Your response should be every line from the entries that includes the string "units".

---- Stored data

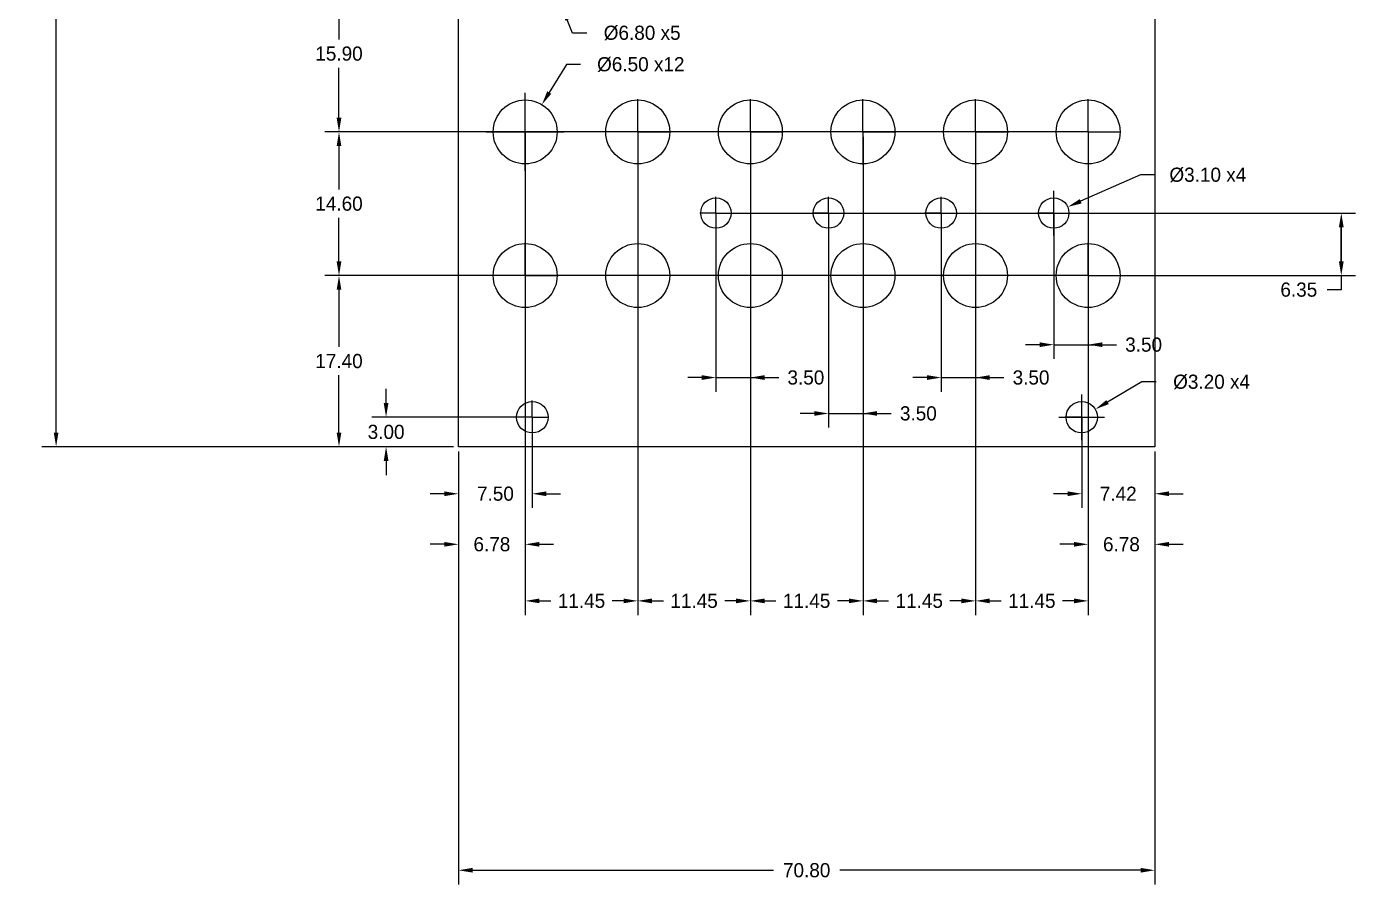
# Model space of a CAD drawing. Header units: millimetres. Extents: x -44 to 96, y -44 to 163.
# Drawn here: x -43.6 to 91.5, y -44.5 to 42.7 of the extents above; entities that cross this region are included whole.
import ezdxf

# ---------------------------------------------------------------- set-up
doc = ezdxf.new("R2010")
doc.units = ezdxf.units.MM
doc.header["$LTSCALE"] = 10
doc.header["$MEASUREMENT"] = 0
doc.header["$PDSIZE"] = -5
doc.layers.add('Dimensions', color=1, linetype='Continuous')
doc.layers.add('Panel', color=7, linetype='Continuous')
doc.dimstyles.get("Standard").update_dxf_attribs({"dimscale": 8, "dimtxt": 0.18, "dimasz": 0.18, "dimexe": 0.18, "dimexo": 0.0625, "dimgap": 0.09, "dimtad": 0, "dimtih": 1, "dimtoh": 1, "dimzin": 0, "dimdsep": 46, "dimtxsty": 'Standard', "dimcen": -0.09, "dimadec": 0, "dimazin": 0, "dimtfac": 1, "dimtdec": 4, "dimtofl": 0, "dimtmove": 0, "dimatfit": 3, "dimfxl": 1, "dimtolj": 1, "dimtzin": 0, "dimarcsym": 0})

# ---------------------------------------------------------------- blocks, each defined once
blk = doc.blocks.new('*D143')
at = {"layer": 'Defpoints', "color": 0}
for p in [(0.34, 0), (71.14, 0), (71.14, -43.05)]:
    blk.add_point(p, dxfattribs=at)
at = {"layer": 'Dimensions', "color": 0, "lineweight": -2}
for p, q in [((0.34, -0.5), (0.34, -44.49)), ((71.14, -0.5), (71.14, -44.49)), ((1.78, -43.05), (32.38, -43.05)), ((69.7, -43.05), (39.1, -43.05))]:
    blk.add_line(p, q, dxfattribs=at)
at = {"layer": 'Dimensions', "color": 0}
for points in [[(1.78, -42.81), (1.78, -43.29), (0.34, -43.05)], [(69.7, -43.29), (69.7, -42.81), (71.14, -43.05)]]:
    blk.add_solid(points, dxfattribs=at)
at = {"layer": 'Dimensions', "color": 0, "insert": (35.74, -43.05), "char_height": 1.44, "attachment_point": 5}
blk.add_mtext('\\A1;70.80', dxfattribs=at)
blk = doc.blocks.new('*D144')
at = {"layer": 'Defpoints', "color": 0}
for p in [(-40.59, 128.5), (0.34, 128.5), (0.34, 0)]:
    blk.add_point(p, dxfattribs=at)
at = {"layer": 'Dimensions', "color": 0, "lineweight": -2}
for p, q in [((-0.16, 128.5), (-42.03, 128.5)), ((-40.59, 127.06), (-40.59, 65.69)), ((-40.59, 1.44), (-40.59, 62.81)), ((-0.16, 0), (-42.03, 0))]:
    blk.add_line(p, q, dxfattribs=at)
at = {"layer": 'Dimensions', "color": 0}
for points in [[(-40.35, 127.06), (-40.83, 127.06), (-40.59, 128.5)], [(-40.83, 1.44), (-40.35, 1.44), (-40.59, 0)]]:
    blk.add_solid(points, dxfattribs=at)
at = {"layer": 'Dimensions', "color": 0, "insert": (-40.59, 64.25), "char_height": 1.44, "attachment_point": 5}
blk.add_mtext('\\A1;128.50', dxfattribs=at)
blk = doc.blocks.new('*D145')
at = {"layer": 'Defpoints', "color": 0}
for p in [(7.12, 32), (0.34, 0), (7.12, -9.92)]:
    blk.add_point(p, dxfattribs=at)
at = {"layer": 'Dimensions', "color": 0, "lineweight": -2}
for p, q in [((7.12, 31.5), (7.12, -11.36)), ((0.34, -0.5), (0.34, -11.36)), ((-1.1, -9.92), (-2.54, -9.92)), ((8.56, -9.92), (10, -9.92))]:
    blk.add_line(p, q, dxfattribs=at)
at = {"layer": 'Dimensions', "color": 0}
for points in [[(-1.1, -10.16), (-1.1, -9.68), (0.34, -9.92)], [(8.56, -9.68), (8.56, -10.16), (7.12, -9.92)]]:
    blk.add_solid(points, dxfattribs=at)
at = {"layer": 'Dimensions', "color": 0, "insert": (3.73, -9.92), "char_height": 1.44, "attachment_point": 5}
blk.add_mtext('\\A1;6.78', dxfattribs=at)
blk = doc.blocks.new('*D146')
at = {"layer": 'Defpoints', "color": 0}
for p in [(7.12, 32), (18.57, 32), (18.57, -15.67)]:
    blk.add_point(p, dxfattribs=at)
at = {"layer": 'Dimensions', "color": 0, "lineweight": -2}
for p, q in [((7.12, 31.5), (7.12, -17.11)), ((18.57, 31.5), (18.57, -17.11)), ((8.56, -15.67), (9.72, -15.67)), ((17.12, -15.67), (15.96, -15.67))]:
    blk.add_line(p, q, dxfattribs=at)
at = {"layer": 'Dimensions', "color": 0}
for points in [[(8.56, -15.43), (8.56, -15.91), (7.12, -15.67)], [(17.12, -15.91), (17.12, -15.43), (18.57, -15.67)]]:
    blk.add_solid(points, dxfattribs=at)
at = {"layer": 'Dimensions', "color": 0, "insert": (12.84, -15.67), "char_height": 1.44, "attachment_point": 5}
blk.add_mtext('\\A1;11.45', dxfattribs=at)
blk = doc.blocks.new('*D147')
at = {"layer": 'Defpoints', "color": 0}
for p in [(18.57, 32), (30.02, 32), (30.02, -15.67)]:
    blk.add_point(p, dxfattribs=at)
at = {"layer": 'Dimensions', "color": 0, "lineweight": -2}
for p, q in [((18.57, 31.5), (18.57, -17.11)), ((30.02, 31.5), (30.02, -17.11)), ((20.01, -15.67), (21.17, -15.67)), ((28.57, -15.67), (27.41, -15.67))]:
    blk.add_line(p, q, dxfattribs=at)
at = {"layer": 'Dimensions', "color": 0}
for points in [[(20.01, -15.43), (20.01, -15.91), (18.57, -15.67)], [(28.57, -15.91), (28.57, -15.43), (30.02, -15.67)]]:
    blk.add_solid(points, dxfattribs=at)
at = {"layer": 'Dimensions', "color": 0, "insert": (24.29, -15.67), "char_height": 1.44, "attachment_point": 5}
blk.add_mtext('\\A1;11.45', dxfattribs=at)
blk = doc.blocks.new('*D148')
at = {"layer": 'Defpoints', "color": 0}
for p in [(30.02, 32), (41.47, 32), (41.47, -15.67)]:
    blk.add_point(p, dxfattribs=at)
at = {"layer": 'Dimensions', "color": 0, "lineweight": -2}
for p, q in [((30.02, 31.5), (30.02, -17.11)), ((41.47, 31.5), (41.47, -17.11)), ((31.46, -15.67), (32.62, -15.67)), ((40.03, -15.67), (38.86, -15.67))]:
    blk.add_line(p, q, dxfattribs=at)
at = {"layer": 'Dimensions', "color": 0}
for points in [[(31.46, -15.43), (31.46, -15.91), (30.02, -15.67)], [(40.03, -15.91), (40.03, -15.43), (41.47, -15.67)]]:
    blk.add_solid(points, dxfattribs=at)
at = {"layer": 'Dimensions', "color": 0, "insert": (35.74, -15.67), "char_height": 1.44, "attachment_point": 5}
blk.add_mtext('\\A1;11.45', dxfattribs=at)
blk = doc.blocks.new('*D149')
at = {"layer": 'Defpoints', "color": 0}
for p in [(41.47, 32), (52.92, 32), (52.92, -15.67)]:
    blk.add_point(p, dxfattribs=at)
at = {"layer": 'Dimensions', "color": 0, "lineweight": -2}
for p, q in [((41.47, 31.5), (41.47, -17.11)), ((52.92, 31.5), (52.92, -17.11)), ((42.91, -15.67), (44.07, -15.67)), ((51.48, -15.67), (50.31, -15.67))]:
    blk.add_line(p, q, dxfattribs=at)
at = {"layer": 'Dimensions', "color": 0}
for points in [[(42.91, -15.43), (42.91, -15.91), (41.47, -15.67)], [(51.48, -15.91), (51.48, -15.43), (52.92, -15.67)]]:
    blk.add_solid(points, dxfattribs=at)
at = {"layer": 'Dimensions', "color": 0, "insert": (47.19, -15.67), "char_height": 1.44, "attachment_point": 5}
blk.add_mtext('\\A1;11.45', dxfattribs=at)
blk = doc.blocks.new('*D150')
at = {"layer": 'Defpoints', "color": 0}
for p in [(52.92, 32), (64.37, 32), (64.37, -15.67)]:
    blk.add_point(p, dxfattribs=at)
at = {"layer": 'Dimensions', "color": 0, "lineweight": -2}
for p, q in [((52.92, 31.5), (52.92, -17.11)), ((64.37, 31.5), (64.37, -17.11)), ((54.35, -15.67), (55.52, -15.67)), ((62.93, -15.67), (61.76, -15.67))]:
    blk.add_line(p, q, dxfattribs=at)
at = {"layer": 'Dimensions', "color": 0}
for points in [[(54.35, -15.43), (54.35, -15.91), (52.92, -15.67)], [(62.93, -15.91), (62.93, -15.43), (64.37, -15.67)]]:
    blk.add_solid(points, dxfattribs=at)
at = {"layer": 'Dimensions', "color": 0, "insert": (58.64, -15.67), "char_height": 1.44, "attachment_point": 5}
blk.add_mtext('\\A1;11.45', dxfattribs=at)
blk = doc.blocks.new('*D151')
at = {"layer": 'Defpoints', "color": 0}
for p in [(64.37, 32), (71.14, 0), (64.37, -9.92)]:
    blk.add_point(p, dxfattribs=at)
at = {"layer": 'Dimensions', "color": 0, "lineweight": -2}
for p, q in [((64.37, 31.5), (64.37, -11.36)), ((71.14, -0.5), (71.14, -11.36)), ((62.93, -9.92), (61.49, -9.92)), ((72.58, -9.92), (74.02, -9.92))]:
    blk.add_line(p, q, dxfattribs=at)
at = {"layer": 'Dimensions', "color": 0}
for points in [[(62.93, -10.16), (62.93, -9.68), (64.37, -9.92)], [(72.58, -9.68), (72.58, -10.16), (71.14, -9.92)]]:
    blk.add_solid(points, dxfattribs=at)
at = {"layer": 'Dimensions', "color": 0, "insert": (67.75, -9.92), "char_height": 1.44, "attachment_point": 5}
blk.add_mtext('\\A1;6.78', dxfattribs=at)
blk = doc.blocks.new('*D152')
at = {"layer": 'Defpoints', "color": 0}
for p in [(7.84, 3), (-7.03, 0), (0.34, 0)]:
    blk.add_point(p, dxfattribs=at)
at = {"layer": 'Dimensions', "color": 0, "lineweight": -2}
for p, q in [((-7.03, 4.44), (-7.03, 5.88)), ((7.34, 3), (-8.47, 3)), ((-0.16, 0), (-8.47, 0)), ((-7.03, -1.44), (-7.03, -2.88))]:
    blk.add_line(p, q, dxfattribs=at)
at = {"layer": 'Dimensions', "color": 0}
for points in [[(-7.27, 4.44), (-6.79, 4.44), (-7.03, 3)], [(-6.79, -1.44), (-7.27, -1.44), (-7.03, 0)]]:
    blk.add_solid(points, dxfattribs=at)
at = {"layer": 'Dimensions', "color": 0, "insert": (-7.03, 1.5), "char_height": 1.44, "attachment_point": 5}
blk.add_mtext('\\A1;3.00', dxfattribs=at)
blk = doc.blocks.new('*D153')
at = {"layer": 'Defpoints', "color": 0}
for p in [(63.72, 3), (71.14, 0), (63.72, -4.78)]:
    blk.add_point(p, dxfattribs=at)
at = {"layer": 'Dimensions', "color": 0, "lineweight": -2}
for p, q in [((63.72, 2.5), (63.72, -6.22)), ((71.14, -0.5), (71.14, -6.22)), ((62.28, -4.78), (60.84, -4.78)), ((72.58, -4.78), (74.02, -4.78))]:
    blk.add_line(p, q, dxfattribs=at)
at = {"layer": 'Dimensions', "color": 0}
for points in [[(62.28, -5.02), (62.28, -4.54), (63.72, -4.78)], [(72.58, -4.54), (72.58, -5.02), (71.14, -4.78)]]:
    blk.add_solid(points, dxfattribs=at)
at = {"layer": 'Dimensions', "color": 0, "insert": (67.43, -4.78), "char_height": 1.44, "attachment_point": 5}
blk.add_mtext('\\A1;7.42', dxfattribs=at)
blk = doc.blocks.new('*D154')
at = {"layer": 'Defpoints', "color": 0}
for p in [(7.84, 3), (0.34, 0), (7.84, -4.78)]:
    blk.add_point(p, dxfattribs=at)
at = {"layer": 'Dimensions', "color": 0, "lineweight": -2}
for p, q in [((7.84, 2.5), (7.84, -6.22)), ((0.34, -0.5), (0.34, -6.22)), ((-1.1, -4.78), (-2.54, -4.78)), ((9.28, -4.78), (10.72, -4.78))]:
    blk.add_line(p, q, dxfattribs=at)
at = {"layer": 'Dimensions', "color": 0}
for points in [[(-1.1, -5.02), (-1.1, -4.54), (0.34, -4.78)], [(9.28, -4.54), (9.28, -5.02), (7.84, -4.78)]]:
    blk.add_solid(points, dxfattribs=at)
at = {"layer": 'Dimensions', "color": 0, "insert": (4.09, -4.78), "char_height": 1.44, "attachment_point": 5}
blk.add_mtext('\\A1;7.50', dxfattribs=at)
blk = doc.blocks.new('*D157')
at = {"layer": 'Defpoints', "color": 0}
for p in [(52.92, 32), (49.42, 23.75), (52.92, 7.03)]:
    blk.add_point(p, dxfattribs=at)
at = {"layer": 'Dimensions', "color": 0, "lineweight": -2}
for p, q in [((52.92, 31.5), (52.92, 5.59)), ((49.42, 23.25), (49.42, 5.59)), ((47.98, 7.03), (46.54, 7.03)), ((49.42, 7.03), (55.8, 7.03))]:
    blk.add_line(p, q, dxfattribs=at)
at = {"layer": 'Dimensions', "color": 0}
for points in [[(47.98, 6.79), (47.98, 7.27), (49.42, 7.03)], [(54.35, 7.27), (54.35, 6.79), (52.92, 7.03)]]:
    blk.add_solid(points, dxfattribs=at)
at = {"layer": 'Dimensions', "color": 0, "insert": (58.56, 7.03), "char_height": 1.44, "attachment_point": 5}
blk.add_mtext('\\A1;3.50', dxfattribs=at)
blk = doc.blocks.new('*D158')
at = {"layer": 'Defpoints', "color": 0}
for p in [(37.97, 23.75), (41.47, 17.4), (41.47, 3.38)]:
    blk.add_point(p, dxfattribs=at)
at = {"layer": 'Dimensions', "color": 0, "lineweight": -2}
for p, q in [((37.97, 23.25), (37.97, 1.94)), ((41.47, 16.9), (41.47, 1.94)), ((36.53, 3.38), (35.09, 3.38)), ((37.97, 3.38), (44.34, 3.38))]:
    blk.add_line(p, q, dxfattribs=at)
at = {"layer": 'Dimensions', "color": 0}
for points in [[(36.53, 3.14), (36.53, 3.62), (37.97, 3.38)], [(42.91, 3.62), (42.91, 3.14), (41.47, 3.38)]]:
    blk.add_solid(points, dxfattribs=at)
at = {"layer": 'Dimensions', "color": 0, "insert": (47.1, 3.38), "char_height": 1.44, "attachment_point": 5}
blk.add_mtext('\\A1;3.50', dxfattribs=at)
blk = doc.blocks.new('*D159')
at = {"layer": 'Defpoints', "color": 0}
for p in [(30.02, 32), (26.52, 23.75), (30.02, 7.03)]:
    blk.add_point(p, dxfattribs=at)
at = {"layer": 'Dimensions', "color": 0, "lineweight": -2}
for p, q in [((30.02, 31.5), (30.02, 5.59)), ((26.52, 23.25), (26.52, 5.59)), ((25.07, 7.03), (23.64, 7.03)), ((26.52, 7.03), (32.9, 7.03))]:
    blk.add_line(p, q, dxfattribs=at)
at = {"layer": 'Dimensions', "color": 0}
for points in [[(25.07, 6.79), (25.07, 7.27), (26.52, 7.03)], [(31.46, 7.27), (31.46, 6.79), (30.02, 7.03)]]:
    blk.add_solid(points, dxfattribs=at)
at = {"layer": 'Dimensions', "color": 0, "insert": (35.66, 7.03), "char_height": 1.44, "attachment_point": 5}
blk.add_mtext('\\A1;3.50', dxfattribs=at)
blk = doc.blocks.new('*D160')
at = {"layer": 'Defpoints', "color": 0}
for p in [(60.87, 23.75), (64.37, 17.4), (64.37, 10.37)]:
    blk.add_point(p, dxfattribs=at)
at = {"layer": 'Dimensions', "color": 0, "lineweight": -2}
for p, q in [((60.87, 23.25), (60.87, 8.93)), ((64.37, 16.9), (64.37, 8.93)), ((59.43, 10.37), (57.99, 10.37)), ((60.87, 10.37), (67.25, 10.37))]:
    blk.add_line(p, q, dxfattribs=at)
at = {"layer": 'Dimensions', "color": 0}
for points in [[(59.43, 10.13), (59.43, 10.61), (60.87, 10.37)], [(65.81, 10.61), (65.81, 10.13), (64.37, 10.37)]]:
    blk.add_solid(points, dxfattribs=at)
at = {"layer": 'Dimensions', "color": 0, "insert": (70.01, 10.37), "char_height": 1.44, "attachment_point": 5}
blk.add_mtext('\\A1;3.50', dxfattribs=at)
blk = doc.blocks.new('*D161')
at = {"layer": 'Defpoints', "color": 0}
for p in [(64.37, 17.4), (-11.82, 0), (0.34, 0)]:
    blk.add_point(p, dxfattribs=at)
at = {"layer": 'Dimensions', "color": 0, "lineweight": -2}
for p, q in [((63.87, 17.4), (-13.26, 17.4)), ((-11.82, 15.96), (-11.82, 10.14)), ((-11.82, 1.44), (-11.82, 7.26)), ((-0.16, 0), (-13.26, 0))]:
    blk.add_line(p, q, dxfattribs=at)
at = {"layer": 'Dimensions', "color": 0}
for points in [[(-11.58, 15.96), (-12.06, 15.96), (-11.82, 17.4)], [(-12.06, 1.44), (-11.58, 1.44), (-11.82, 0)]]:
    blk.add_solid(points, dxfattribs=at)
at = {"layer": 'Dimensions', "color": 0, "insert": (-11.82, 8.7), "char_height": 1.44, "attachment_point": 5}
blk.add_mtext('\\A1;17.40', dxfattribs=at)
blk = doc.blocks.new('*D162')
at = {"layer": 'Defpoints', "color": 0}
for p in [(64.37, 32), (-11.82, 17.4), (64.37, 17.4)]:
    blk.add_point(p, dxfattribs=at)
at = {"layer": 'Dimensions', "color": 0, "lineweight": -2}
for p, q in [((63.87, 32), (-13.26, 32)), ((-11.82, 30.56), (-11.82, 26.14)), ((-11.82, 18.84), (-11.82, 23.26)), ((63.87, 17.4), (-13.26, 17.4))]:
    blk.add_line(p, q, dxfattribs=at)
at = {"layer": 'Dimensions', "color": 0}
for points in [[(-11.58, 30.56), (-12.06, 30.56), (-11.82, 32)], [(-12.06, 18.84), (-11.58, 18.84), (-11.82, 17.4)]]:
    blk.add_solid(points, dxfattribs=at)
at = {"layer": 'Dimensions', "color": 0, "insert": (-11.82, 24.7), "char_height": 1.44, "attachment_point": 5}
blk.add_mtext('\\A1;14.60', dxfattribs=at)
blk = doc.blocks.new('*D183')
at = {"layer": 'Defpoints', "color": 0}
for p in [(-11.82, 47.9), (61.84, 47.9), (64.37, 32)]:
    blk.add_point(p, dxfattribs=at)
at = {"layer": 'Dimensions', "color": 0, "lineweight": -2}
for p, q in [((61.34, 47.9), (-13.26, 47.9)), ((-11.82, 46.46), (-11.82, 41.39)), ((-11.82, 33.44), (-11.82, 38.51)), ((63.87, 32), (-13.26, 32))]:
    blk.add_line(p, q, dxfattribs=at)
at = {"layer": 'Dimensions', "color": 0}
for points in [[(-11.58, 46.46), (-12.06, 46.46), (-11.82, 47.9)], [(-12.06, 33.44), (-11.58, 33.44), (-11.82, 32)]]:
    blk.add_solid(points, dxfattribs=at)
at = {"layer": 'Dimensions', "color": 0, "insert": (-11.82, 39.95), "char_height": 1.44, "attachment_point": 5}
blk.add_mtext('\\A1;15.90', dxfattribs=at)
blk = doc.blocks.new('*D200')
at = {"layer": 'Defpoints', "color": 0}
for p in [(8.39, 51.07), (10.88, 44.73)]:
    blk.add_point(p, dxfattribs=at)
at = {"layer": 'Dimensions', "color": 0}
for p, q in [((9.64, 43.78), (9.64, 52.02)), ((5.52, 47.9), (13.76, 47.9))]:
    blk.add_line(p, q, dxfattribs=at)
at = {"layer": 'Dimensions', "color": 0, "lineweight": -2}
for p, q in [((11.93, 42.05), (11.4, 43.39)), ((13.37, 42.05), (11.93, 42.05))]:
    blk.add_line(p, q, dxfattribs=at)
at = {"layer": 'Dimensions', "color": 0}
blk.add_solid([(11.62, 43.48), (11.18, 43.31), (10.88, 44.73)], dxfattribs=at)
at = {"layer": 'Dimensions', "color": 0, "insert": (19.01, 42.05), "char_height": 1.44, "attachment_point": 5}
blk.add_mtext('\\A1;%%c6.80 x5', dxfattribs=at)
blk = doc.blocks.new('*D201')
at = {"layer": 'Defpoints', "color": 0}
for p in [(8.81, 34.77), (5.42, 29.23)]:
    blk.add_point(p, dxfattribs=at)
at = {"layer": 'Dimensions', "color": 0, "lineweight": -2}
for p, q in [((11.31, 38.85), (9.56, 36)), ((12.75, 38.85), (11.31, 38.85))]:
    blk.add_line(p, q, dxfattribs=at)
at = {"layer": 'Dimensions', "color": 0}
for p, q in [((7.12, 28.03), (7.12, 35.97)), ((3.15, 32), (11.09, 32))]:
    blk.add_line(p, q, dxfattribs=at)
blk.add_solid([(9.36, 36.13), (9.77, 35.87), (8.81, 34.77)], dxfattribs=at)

--------

## [Written answer]
# Model space of a CAD drawing. Header units: millimetres. Extents: x -44 to 96, y -44 to 163.
doc.units = ezdxf.units.MM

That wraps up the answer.